BEGIN Material for the task
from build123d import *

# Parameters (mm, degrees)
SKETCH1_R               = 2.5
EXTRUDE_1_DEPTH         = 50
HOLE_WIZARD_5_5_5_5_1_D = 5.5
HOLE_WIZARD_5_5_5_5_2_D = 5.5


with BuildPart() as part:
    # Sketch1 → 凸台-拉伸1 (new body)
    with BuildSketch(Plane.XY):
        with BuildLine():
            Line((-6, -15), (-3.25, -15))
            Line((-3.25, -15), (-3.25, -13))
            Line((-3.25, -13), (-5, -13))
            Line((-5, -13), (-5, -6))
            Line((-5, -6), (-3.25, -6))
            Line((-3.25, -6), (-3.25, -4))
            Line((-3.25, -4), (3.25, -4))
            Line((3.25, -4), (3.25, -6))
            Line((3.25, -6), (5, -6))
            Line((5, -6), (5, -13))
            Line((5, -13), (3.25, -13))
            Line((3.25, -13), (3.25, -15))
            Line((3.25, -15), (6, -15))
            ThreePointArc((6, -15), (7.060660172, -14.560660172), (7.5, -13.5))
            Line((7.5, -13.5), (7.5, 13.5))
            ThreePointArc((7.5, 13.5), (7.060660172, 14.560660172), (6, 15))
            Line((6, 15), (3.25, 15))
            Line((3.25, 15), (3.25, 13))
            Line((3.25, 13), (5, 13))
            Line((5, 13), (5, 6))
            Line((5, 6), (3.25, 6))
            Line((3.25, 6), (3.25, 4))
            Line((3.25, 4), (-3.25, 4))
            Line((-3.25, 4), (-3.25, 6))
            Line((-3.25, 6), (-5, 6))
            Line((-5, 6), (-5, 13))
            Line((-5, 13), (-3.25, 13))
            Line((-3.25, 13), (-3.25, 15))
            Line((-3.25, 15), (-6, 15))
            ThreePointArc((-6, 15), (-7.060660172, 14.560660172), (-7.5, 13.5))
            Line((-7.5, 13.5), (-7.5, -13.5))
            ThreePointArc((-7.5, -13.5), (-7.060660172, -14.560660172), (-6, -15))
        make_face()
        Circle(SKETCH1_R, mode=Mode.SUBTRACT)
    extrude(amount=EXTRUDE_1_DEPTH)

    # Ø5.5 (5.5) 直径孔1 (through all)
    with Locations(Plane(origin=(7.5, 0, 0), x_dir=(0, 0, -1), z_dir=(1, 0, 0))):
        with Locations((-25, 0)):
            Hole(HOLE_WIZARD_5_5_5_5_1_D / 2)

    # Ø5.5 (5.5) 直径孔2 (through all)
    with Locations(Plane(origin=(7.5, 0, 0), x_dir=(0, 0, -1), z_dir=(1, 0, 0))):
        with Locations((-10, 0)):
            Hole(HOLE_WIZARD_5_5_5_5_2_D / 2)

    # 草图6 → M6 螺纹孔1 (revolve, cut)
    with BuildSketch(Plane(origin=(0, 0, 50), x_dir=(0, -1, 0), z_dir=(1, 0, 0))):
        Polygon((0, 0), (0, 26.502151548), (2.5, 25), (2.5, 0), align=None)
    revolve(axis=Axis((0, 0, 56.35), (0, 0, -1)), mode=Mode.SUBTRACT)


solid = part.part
END Material for the task
## Problem statement:
Find every line above where the word "revolve" occurs, and copy that line.

## Your response:
    # 草图6 → M6 螺纹孔1 (revolve, cut)
    revolve(axis=Axis((0, 0, 56.35), (0, 0, -1)), mode=Mode.SUBTRACT)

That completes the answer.